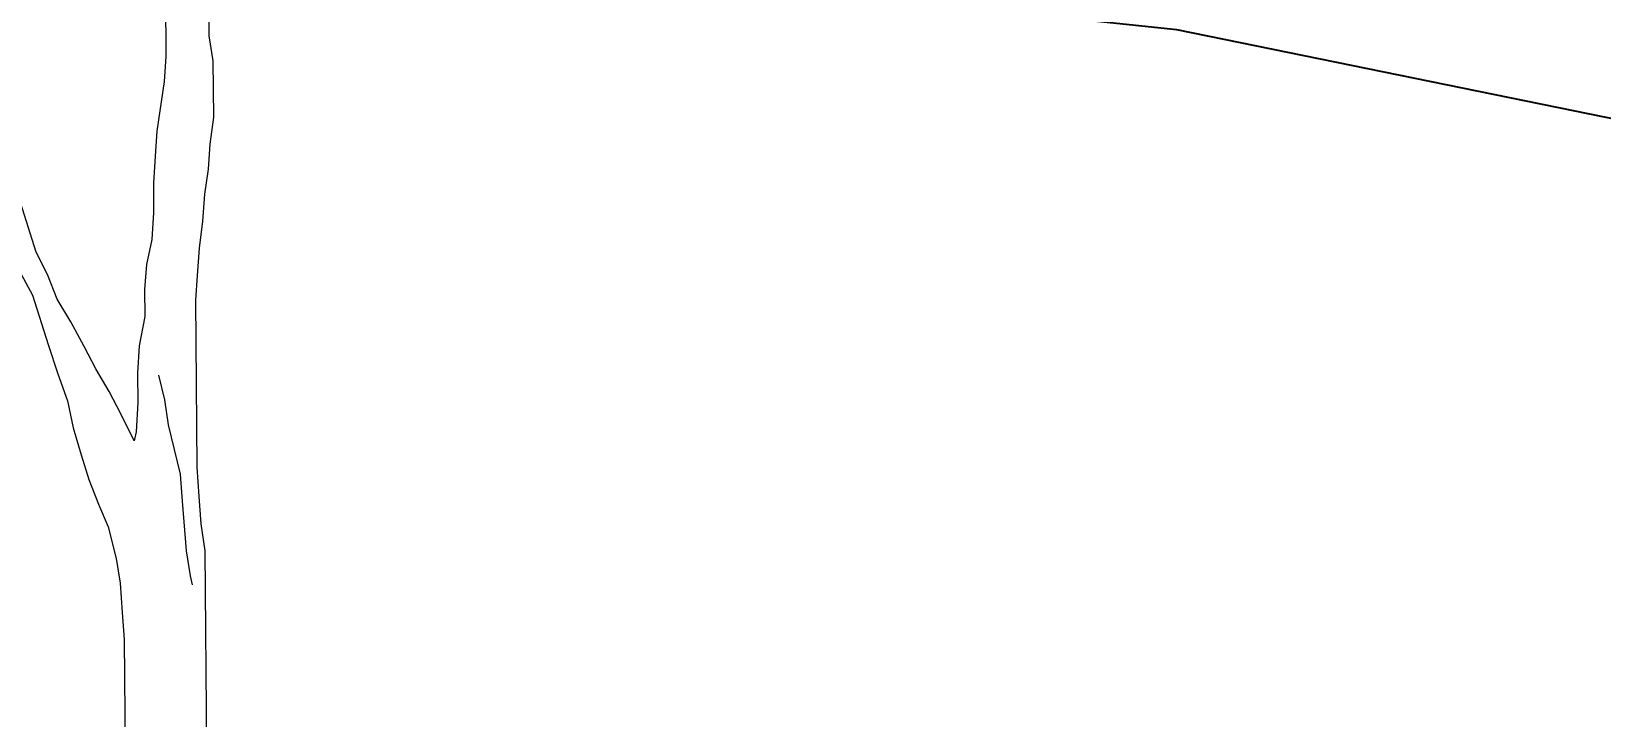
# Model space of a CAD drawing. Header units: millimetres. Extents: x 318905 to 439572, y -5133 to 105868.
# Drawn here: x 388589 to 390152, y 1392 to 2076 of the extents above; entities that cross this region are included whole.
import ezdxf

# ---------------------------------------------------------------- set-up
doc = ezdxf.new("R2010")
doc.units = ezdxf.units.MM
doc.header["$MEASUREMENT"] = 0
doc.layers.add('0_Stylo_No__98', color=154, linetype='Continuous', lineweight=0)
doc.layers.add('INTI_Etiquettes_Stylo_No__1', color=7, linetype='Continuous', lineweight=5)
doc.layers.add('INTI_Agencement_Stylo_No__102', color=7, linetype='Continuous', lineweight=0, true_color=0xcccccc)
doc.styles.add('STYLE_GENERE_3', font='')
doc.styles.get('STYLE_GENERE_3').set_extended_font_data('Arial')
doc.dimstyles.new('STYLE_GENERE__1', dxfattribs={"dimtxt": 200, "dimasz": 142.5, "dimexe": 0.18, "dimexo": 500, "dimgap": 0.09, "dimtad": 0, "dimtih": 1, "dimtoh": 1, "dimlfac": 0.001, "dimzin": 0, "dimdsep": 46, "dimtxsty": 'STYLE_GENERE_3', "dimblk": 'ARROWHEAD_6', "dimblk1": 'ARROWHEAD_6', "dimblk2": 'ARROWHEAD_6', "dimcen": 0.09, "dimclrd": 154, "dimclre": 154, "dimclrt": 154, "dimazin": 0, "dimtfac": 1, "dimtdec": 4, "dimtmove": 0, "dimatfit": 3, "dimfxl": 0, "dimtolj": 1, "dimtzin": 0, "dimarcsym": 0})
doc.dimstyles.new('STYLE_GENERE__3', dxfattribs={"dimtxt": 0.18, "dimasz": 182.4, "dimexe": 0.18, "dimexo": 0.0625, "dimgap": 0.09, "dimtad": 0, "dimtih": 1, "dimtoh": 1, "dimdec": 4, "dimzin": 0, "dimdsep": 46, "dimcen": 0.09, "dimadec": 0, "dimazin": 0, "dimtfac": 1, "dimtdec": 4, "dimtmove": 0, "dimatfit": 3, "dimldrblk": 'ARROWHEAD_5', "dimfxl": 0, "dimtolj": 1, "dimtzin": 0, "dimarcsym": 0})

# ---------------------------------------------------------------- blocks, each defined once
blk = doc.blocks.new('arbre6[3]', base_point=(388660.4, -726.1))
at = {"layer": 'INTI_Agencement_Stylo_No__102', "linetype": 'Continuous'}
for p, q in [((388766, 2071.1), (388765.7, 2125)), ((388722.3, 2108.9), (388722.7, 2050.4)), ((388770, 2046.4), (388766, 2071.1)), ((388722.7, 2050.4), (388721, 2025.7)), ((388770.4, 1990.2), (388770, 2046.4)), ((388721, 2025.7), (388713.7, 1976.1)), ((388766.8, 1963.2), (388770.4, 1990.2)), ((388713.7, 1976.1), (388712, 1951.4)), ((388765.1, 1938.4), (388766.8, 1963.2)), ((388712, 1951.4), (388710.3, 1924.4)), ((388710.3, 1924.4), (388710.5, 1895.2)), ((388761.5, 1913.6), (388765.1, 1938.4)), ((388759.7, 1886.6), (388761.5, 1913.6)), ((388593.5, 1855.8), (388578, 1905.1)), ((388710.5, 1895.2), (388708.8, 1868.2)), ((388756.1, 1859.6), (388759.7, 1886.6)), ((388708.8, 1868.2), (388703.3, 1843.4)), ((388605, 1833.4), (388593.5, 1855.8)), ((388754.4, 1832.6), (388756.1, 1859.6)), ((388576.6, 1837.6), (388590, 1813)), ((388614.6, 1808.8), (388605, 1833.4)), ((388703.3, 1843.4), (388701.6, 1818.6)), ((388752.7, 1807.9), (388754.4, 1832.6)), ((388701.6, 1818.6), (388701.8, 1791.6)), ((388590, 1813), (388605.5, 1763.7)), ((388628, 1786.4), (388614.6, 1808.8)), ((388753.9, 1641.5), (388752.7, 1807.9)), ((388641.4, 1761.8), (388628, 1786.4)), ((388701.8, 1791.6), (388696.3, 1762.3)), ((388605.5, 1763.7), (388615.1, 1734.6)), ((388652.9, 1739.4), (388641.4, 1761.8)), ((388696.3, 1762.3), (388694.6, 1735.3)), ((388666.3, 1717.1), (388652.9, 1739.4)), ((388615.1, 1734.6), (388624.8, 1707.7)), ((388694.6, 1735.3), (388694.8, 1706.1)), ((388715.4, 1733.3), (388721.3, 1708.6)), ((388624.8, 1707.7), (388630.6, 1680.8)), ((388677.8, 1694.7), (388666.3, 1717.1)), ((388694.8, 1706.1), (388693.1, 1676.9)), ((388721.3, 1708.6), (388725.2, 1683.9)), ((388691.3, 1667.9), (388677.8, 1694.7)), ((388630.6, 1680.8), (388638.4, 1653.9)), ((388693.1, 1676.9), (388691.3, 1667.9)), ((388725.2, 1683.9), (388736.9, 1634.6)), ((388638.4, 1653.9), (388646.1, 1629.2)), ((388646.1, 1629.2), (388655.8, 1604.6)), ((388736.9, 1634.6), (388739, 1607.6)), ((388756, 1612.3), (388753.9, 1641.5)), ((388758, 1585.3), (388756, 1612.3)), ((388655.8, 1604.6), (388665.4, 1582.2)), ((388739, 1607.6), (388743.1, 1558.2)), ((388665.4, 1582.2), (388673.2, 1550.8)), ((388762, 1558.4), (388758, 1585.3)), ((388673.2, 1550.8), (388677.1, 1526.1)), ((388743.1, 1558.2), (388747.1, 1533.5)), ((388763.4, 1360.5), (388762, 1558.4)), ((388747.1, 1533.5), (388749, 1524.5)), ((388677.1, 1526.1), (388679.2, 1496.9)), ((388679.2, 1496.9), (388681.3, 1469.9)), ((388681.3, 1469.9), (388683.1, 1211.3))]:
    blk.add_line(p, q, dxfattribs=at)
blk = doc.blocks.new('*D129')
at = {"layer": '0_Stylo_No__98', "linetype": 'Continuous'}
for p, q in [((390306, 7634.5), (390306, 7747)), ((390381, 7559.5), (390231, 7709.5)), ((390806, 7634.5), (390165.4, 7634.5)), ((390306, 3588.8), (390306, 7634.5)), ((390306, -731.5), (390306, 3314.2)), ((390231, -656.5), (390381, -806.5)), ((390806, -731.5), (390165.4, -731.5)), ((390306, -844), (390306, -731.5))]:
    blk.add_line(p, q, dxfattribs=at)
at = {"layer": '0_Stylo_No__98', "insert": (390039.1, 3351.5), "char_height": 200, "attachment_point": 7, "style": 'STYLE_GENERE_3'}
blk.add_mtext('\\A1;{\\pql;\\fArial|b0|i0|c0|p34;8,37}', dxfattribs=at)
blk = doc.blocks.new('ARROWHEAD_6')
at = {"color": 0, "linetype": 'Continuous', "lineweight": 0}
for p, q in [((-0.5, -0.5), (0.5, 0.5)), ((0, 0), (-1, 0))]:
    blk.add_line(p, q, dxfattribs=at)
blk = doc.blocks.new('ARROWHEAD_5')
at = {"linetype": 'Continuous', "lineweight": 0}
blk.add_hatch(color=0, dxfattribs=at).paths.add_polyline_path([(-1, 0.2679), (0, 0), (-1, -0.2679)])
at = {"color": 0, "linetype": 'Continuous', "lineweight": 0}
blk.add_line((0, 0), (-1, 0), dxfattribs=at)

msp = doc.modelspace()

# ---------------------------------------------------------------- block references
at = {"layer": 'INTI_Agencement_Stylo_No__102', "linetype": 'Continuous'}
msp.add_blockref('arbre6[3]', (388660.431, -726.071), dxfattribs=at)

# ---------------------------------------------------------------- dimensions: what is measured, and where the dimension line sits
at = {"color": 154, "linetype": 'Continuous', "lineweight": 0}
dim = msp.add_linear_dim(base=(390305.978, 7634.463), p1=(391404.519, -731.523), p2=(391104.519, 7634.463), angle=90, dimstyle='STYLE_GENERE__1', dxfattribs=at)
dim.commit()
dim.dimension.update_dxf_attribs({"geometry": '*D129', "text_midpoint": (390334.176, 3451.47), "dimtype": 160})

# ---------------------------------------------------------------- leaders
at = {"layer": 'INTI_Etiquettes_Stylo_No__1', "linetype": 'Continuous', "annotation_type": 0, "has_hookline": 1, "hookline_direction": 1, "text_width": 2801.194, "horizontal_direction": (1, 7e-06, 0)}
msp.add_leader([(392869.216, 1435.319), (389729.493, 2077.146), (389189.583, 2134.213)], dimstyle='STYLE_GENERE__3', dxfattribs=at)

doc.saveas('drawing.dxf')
------------------------------------------------------------------------
## What the task asks:
The answer is the run of lines above from the line containing "blk = doc.blocks.new('*D129')" through the line containing "blk.add_line((0, 0), (-1, 0), dxfattribs=at)", copied exactly and alone.

## Answer to the problem:
blk = doc.blocks.new('*D129')
at = {"layer": '0_Stylo_No__98', "linetype": 'Continuous'}
for p, q in [((390306, 7634.5), (390306, 7747)), ((390381, 7559.5), (390231, 7709.5)), ((390806, 7634.5), (390165.4, 7634.5)), ((390306, 3588.8), (390306, 7634.5)), ((390306, -731.5), (390306, 3314.2)), ((390231, -656.5), (390381, -806.5)), ((390806, -731.5), (390165.4, -731.5)), ((390306, -844), (390306, -731.5))]:
    blk.add_line(p, q, dxfattribs=at)
at = {"layer": '0_Stylo_No__98', "insert": (390039.1, 3351.5), "char_height": 200, "attachment_point": 7, "style": 'STYLE_GENERE_3'}
blk.add_mtext('\\A1;{\\pql;\\fArial|b0|i0|c0|p34;8,37}', dxfattribs=at)
blk = doc.blocks.new('ARROWHEAD_6')
at = {"color": 0, "linetype": 'Continuous', "lineweight": 0}
for p, q in [((-0.5, -0.5), (0.5, 0.5)), ((0, 0), (-1, 0))]:
    blk.add_line(p, q, dxfattribs=at)
blk = doc.blocks.new('ARROWHEAD_5')
at = {"linetype": 'Continuous', "lineweight": 0}
blk.add_hatch(color=0, dxfattribs=at).paths.add_polyline_path([(-1, 0.2679), (0, 0), (-1, -0.2679)])
at = {"color": 0, "linetype": 'Continuous', "lineweight": 0}
blk.add_line((0, 0), (-1, 0), dxfattribs=at)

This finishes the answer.